Repeat only these lines, exactly: the first line of the data, the line containing "with BuildPart() as", and every line between them. Pictures stay out.

### DATA PROVIDED

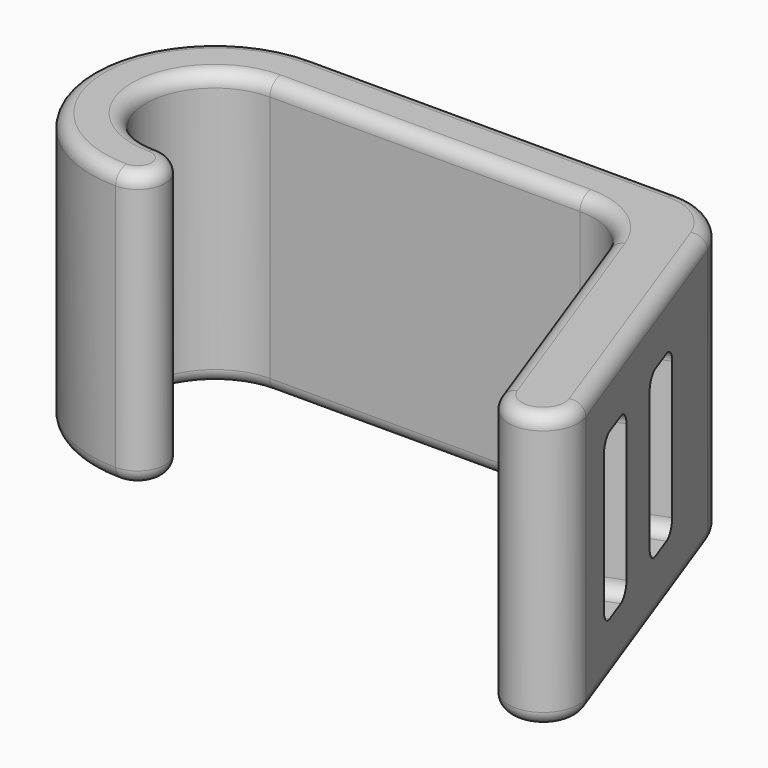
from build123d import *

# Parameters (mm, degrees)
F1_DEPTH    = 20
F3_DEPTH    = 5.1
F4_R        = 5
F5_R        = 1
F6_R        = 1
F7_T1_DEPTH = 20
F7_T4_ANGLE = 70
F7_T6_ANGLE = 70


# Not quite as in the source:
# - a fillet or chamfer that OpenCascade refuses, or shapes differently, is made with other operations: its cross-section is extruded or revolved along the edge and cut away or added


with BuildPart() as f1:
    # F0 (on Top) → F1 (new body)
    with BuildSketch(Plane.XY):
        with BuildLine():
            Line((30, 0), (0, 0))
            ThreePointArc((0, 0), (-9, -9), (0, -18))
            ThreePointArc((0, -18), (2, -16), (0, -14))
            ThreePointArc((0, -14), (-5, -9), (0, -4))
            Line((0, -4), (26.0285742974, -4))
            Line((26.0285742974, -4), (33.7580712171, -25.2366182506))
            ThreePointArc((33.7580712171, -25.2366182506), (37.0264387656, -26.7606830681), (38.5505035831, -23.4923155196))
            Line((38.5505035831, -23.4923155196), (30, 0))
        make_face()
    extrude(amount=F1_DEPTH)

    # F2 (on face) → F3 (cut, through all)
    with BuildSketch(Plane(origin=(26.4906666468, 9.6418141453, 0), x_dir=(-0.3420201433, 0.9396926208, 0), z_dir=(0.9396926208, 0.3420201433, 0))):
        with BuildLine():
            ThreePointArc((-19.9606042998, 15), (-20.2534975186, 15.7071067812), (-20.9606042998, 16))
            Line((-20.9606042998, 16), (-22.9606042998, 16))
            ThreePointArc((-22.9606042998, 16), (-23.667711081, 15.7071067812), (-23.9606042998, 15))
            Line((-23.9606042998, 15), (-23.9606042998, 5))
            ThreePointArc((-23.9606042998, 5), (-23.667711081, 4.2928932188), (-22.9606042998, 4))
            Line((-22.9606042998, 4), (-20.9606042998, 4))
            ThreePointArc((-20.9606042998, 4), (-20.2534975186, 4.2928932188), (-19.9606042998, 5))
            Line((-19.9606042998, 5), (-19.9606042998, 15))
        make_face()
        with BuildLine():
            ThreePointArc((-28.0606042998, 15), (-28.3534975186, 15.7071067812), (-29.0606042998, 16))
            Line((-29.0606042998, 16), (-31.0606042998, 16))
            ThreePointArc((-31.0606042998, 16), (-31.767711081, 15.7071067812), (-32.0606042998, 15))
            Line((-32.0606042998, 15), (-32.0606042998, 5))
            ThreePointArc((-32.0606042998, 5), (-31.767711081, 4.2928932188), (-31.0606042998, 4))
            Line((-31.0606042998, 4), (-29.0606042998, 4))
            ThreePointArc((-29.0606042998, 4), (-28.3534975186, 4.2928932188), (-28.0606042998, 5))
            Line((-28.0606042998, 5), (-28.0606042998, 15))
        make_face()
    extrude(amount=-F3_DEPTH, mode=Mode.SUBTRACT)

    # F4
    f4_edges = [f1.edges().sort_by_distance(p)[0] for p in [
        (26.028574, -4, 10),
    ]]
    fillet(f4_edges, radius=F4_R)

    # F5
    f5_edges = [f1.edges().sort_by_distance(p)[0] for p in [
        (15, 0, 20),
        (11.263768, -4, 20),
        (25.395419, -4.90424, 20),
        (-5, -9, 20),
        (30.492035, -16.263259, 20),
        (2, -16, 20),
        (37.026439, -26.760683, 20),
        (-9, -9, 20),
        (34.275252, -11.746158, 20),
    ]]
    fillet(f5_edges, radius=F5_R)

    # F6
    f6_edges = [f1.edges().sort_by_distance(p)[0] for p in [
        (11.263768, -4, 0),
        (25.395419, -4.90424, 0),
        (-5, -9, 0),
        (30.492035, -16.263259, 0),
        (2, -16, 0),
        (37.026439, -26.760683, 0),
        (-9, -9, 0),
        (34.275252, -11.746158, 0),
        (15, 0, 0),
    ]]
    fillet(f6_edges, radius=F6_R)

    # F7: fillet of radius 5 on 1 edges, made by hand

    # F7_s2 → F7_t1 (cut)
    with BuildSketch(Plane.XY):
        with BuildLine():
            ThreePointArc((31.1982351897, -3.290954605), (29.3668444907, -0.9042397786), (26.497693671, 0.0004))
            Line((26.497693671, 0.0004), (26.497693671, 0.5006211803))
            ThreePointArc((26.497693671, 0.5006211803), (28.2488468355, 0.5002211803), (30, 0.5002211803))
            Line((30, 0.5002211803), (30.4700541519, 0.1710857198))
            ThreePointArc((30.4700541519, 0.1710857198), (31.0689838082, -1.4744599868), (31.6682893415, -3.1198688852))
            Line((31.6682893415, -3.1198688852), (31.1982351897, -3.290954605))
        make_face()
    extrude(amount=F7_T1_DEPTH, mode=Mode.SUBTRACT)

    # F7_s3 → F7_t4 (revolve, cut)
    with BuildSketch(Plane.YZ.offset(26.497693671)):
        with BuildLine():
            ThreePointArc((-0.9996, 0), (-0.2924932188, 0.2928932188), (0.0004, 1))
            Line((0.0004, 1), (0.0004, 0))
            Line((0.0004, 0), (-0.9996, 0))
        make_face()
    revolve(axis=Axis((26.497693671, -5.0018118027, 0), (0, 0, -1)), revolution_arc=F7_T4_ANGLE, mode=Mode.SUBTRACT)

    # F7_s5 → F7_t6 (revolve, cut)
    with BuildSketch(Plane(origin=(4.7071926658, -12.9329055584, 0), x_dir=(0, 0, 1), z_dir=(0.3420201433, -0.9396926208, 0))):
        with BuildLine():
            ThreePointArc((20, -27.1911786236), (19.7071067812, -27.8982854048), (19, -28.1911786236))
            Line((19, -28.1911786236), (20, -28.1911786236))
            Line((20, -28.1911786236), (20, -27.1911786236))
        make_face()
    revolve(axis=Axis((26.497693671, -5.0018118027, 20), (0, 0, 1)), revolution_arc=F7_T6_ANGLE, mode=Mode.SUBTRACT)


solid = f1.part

######

_ANSWER_.
from build123d import *

# Parameters (mm, degrees)
F1_DEPTH    = 20
F3_DEPTH    = 5.1
F4_R        = 5
F5_R        = 1
F6_R        = 1
F7_T1_DEPTH = 20
F7_T4_ANGLE = 70
F7_T6_ANGLE = 70


# Not quite as in the source:
# - a fillet or chamfer that OpenCascade refuses, or shapes differently, is made with other operations: its cross-section is extruded or revolved along the edge and cut away or added


with BuildPart() as f1:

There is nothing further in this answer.